Kinder richtig loben: Warum „gut gemacht“ oft nicht hilft

Kinder richtig loben heißt: beschreiben statt bewerten. Statt „Gut gemacht“ oder „Du bist so ein braves Kind“ erzählst du deinem Kind einfach, was du siehst und was es geschafft hat, zum Beispiel „Du hast die Schuhe ganz allein angezogen, sogar mit dem Klettverschluss“. Dieses beschreibende Lob stärkt das Selbstwertgefühl von innen, weil dein Kind sich selbst ein Urteil bilden darf, während das ständige bewertende „Toll“ es eher abhängig von deinem Applaus macht. In diesem Artikel zeige ich dir, warum „gut gemacht“ oft nicht hilft und wie du stattdessen formulierst, mit vielen konkreten Lob-Sätzen zum direkten Nachsprechen.
Das Wichtigste in Kürze:
- Beschreibendes Lob (was ich sehe) wirkt nachhaltiger als bewertendes Lob (mein Urteil über das Kind).

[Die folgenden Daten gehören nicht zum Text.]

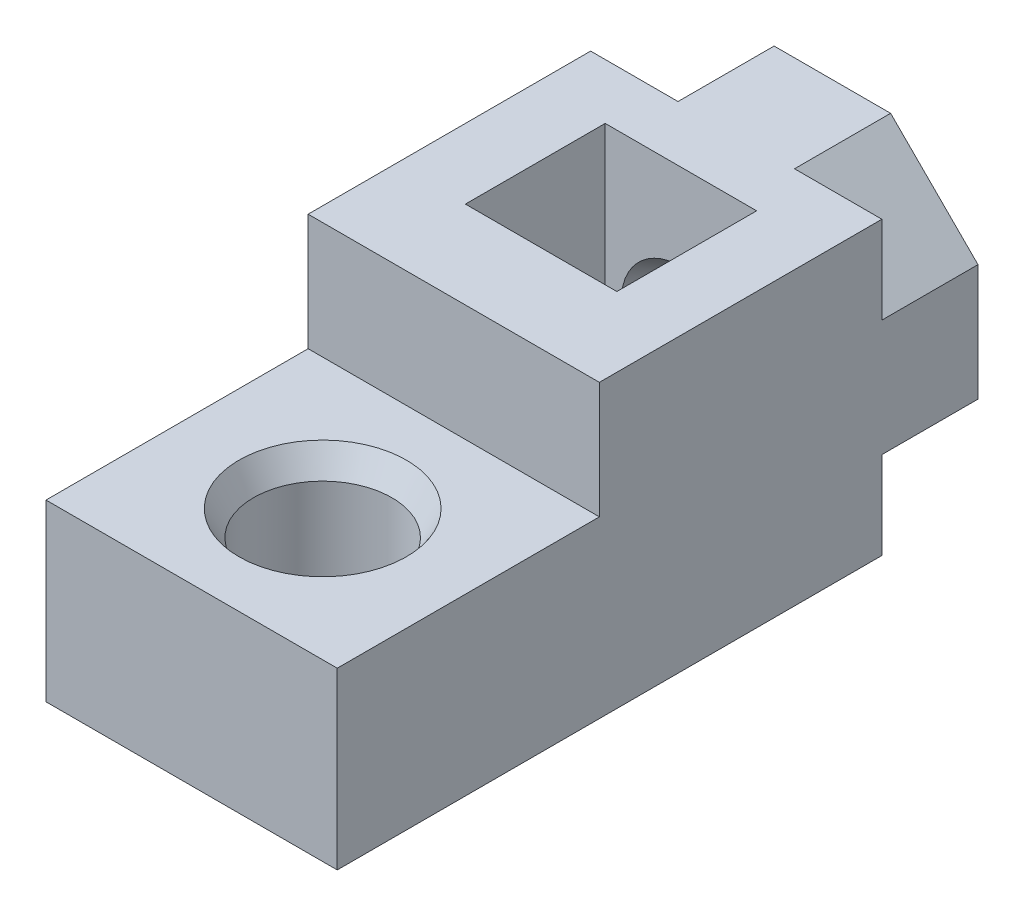
ISO-10303-21;
HEADER;
FILE_DESCRIPTION(('STEP AP214'),'2;1');
FILE_NAME('part.step','',(''),(''),'','','');
FILE_SCHEMA(('AUTOMOTIVE_DESIGN { 1 0 10303 214 1 1 1 1 }'));
ENDSEC;
DATA;
#1=APPLICATION_CONTEXT('core data for automotive mechanical design processes');
#2=APPLICATION_PROTOCOL_DEFINITION('international standard','automotive_design',2000,#1);
#3=PRODUCT_CONTEXT('',#1,'mechanical');
#4=PRODUCT('Part','Part','',(#3));
#5=PRODUCT_RELATED_PRODUCT_CATEGORY('part','',(#4));
#6=PRODUCT_DEFINITION_FORMATION('','',#4);
#7=PRODUCT_DEFINITION_CONTEXT('part definition',#1,'design');
#8=PRODUCT_DEFINITION('design','',#6,#7);
#9=PRODUCT_DEFINITION_SHAPE('','',#8);
#10=(LENGTH_UNIT() NAMED_UNIT(*) SI_UNIT(.MILLI.,.METRE.));
#11=(NAMED_UNIT(*) PLANE_ANGLE_UNIT() SI_UNIT($,.RADIAN.));
#12=(NAMED_UNIT(*) SI_UNIT($,.STERADIAN.) SOLID_ANGLE_UNIT());
#13=UNCERTAINTY_MEASURE_WITH_UNIT(LENGTH_MEASURE(1.E-05),#10,'distance_accuracy_value','');
#14=(GEOMETRIC_REPRESENTATION_CONTEXT(3) GLOBAL_UNCERTAINTY_ASSIGNED_CONTEXT((#13)) GLOBAL_UNIT_ASSIGNED_CONTEXT((#10,
#11,#12)) REPRESENTATION_CONTEXT('',''));
#15=CARTESIAN_POINT('',(0.,0.,0.));
#16=DIRECTION('',(0.,0.,1.));
#17=DIRECTION('',(1.,0.,0.));
#18=AXIS2_PLACEMENT_3D('',#15,#16,#17);
#19=CARTESIAN_POINT('',(0.,0.,22.));
#20=DIRECTION('',(0.,0.,1.));
#21=DIRECTION('',(1.,0.,0.));
#22=AXIS2_PLACEMENT_3D('',#19,#20,#21);
#23=PLANE('',#22);
#24=DIRECTION('',(0.,1.,0.));
#25=VECTOR('',#24,1.);
#26=CARTESIAN_POINT('',(5.,5.,22.));
#27=LINE('',#26,#25);
#28=CARTESIAN_POINT('',(5.,-5.,22.));
#29=VERTEX_POINT('',#28);
#30=CARTESIAN_POINT('',(5.,1.,22.));
#31=VERTEX_POINT('',#30);
#32=EDGE_CURVE('E320',#29,#31,#27,.T.);
#33=ORIENTED_EDGE('',*,*,#32,.T.);
#34=DIRECTION('',(1.,0.,0.));
#35=VECTOR('',#34,1.);
#36=CARTESIAN_POINT('',(5.,1.,22.));
#37=LINE('',#36,#35);
#38=CARTESIAN_POINT('',(-5.,1.,22.));
#39=VERTEX_POINT('',#38);
#40=EDGE_CURVE('E421',#39,#31,#37,.T.);
#41=ORIENTED_EDGE('',*,*,#40,.F.);
#42=DIRECTION('',(0.,-1.,0.));
#43=VECTOR('',#42,1.);
#44=CARTESIAN_POINT('',(-5.,5.,22.));
#45=LINE('',#44,#43);
#46=CARTESIAN_POINT('',(-5.,-5.,22.));
#47=VERTEX_POINT('',#46);
#48=EDGE_CURVE('E324',#39,#47,#45,.T.);
#49=ORIENTED_EDGE('',*,*,#48,.T.);
#50=DIRECTION('',(1.,0.,0.));
#51=VECTOR('',#50,1.);
#52=CARTESIAN_POINT('',(-5.,-5.,22.));
#53=LINE('',#52,#51);
#54=EDGE_CURVE('E199',#47,#29,#53,.T.);
#55=ORIENTED_EDGE('',*,*,#54,.T.);
#56=EDGE_LOOP('',(#33,#41,#49,#55));
#57=FACE_BOUND('',#56,.T.);
#58=ADVANCED_FACE('F41',(#57),#23,.T.);
#59=CARTESIAN_POINT('',(-5.,5.,22.));
#60=DIRECTION('',(0.,-1.,0.));
#61=DIRECTION('',(0.,0.,-1.));
#62=AXIS2_PLACEMENT_3D('',#59,#60,#61);
#63=PLANE('',#62);
#64=DIRECTION('',(1.,0.,0.));
#65=VECTOR('',#64,1.);
#66=CARTESIAN_POINT('',(2.,5.,3.3));
#67=LINE('',#66,#65);
#68=CARTESIAN_POINT('',(2.,5.,3.3));
#69=VERTEX_POINT('',#68);
#70=CARTESIAN_POINT('',(5.,5.,3.3));
#71=VERTEX_POINT('',#70);
#72=EDGE_CURVE('E375',#69,#71,#67,.T.);
#73=ORIENTED_EDGE('',*,*,#72,.F.);
#74=DIRECTION('',(0.,0.,-1.));
#75=VECTOR('',#74,1.);
#76=CARTESIAN_POINT('',(2.,5.,3.3));
#77=LINE('',#76,#75);
#78=CARTESIAN_POINT('',(2.,5.,0.));
#79=VERTEX_POINT('',#78);
#80=EDGE_CURVE('E357',#69,#79,#77,.T.);
#81=ORIENTED_EDGE('',*,*,#80,.T.);
#82=DIRECTION('',(-1.,0.,0.));
#83=VECTOR('',#82,1.);
#84=CARTESIAN_POINT('',(-5.,5.,0.));
#85=LINE('',#84,#83);
#86=CARTESIAN_POINT('',(-2.,5.,0.));
#87=VERTEX_POINT('',#86);
#88=EDGE_CURVE('E333',#79,#87,#85,.T.);
#89=ORIENTED_EDGE('',*,*,#88,.T.);
#90=DIRECTION('',(0.,0.,-1.));
#91=VECTOR('',#90,1.);
#92=CARTESIAN_POINT('',(-2.,5.,3.3));
#93=LINE('',#92,#91);
#94=CARTESIAN_POINT('',(-2.,5.,3.3));
#95=VERTEX_POINT('',#94);
#96=EDGE_CURVE('E58',#95,#87,#93,.T.);
#97=ORIENTED_EDGE('',*,*,#96,.F.);
#98=DIRECTION('',(1.,0.,0.));
#99=VECTOR('',#98,1.);
#100=CARTESIAN_POINT('',(-5.,5.,3.3));
#101=LINE('',#100,#99);
#102=CARTESIAN_POINT('',(-5.,5.,3.3));
#103=VERTEX_POINT('',#102);
#104=EDGE_CURVE('E393',#103,#95,#101,.T.);
#105=ORIENTED_EDGE('',*,*,#104,.F.);
#106=DIRECTION('',(0.,0.,-1.));
#107=VECTOR('',#106,1.);
#108=CARTESIAN_POINT('',(-5.,5.,22.));
#109=LINE('',#108,#107);
#110=CARTESIAN_POINT('',(-5.,5.,13.));
#111=VERTEX_POINT('',#110);
#112=EDGE_CURVE('E201',#111,#103,#109,.T.);
#113=ORIENTED_EDGE('',*,*,#112,.F.);
#114=DIRECTION('',(-1.,0.,0.));
#115=VECTOR('',#114,1.);
#116=CARTESIAN_POINT('',(5.,5.,13.));
#117=LINE('',#116,#115);
#118=CARTESIAN_POINT('',(5.,5.,13.));
#119=VERTEX_POINT('',#118);
#120=EDGE_CURVE('E407',#119,#111,#117,.T.);
#121=ORIENTED_EDGE('',*,*,#120,.F.);
#122=DIRECTION('',(0.,0.,-1.));
#123=VECTOR('',#122,1.);
#124=CARTESIAN_POINT('',(5.,5.,22.));
#125=LINE('',#124,#123);
#126=EDGE_CURVE('E207',#119,#71,#125,.T.);
#127=ORIENTED_EDGE('',*,*,#126,.T.);
#128=EDGE_LOOP('',(#73,#81,#89,#97,#105,#113,#121,#127));
#129=FACE_BOUND('',#128,.T.);
#130=DIRECTION('',(1.,0.,0.));
#131=VECTOR('',#130,1.);
#132=CARTESIAN_POINT('',(-5.,5.,10.));
#133=LINE('',#132,#131);
#134=CARTESIAN_POINT('',(-2.6,5.,10.));
#135=VERTEX_POINT('',#134);
#136=CARTESIAN_POINT('',(2.6,5.,10.));
#137=VERTEX_POINT('',#136);
#138=EDGE_CURVE('E228',#135,#137,#133,.T.);
#139=ORIENTED_EDGE('',*,*,#138,.F.);
#140=DIRECTION('',(0.,0.,-1.));
#141=VECTOR('',#140,1.);
#142=CARTESIAN_POINT('',(-2.6,5.,22.));
#143=LINE('',#142,#141);
#144=CARTESIAN_POINT('',(-2.6,5.,5.2));
#145=VERTEX_POINT('',#144);
#146=EDGE_CURVE('E220',#135,#145,#143,.T.);
#147=ORIENTED_EDGE('',*,*,#146,.T.);
#148=DIRECTION('',(1.,0.,0.));
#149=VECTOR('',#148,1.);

- Floskeln wie „gut gemacht“ oder „brav“ sagen wenig aus und können Kinder lobabhängig machen.
- Echtes, aufmerksames Lob stärkt den Selbstwert, leere Übertreibung untergräbt ihn.
- Lobe lieber die Anstrengung und den Weg als das Ergebnis oder feste Eigenschaften.
- Konkrete Sätze, die das Kind selbst zu einem Schluss kommen lassen, helfen am meisten.
Warum „gut gemacht“ oft nicht hilft
Ich kenne das gut: Mein Kind malt ein Bild, hält es mir stolz entgegen, und reflexartig kommt „Wow, wunderschön, gut gemacht“. Es rutscht einfach raus. Das ist menschlich und nichts, wofür wir uns schämen müssen. Trotzdem lohnt es sich, genauer hinzusehen, was solche Lob-Floskeln eigentlich auslösen.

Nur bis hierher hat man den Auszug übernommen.